Exact copies of the line with "Sum/1 -> Sin/1, Cos/1" and of all lines after it through the end of the entries are required, and no other lines.

****************************************

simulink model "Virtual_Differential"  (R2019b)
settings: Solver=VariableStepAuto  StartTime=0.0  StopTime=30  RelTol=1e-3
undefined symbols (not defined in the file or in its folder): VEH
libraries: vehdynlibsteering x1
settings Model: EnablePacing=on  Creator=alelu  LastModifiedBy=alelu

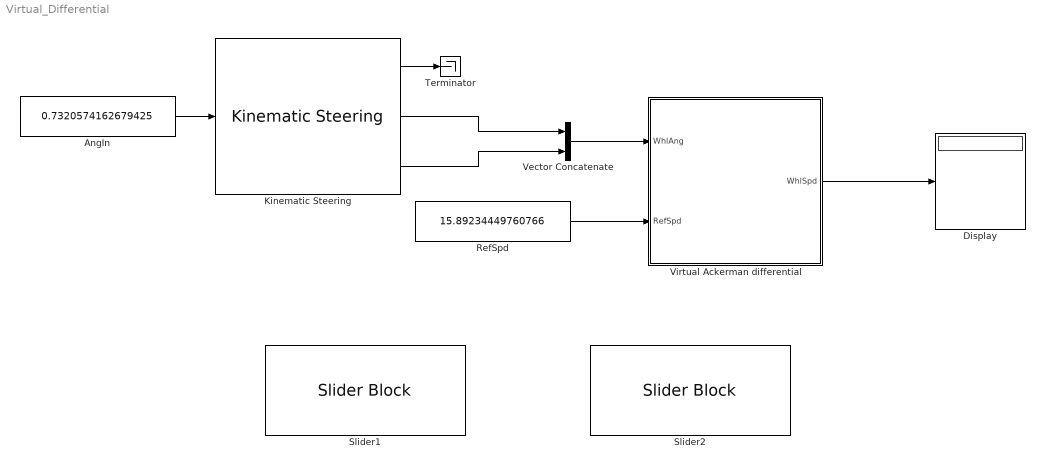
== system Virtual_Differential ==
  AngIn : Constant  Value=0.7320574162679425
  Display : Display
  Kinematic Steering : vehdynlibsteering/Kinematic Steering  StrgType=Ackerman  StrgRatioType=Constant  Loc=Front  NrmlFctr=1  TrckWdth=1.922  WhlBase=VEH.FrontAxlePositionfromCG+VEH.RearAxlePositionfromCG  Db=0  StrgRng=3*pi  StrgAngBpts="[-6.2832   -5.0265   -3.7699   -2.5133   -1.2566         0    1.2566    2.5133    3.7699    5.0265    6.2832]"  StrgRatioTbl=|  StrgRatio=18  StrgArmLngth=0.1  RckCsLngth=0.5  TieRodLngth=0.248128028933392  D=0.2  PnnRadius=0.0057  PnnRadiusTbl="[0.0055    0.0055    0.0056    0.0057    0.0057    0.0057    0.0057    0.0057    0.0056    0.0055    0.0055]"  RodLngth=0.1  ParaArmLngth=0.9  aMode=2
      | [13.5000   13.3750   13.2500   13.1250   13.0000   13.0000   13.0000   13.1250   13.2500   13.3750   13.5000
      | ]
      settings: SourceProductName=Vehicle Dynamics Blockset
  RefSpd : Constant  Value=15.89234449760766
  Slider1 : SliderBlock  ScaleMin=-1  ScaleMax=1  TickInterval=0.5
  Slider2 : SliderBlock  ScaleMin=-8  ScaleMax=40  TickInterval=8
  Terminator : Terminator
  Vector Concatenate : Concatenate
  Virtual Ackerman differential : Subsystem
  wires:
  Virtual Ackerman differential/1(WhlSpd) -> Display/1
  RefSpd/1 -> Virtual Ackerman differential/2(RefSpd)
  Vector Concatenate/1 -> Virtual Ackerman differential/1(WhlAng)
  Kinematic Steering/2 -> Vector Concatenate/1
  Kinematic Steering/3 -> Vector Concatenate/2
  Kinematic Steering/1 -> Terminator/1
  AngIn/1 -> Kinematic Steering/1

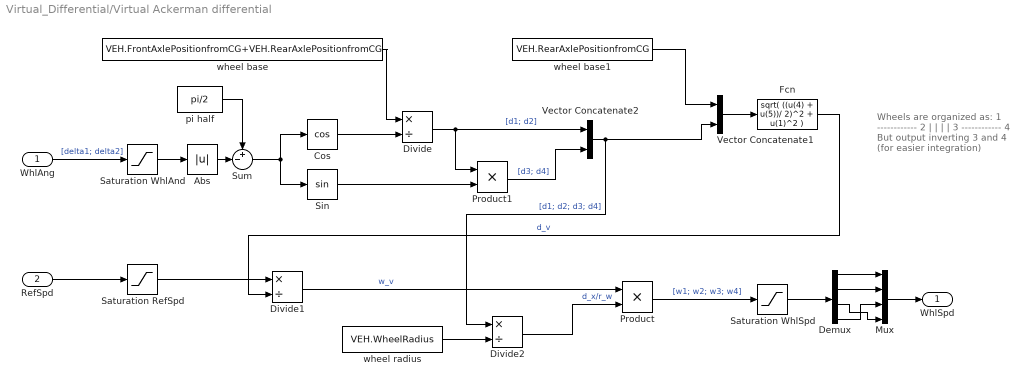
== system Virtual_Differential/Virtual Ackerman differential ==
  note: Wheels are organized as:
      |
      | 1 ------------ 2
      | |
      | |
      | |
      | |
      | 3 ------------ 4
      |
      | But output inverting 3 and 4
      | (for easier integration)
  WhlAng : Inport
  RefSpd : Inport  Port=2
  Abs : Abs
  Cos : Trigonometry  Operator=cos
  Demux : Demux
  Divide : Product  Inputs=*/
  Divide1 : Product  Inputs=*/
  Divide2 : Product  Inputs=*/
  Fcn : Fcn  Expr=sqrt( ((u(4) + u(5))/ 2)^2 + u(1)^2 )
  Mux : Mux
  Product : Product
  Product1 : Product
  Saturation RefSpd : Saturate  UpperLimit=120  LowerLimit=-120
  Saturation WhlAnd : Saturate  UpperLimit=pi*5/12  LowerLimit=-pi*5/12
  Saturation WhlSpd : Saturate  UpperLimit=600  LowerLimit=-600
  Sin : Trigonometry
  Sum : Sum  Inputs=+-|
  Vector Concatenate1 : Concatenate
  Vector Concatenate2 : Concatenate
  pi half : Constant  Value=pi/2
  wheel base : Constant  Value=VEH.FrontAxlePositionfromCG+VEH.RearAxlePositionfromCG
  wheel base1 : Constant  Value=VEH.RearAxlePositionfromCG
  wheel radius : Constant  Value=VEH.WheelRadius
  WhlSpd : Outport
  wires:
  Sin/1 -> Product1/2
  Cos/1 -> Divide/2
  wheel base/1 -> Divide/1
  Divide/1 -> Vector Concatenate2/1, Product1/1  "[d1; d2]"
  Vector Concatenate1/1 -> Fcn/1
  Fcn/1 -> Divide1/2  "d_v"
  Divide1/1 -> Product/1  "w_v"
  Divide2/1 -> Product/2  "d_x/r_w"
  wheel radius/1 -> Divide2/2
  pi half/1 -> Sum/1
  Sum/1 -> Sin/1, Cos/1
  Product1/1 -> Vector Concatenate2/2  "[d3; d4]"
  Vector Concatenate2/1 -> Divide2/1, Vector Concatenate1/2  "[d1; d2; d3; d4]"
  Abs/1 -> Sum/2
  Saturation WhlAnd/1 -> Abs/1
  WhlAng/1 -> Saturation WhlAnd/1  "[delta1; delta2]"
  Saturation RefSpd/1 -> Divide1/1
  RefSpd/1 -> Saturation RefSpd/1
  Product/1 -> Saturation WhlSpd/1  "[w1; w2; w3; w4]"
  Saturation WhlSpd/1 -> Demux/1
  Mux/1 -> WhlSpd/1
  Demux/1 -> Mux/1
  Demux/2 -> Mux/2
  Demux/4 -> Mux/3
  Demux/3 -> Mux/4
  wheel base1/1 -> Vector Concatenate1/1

****************************************

**SOLUTION FOR THIS EXERCISE:**
  Sum/1 -> Sin/1, Cos/1
  Product1/1 -> Vector Concatenate2/2  "[d3; d4]"
  Vector Concatenate2/1 -> Divide2/1, Vector Concatenate1/2  "[d1; d2; d3; d4]"
  Abs/1 -> Sum/2
  Saturation WhlAnd/1 -> Abs/1
  WhlAng/1 -> Saturation WhlAnd/1  "[delta1; delta2]"
  Saturation RefSpd/1 -> Divide1/1
  RefSpd/1 -> Saturation RefSpd/1
  Product/1 -> Saturation WhlSpd/1  "[w1; w2; w3; w4]"
  Saturation WhlSpd/1 -> Demux/1
  Mux/1 -> WhlSpd/1
  Demux/1 -> Mux/1
  Demux/2 -> Mux/2
  Demux/4 -> Mux/3
  Demux/3 -> Mux/4
  wheel base1/1 -> Vector Concatenate1/1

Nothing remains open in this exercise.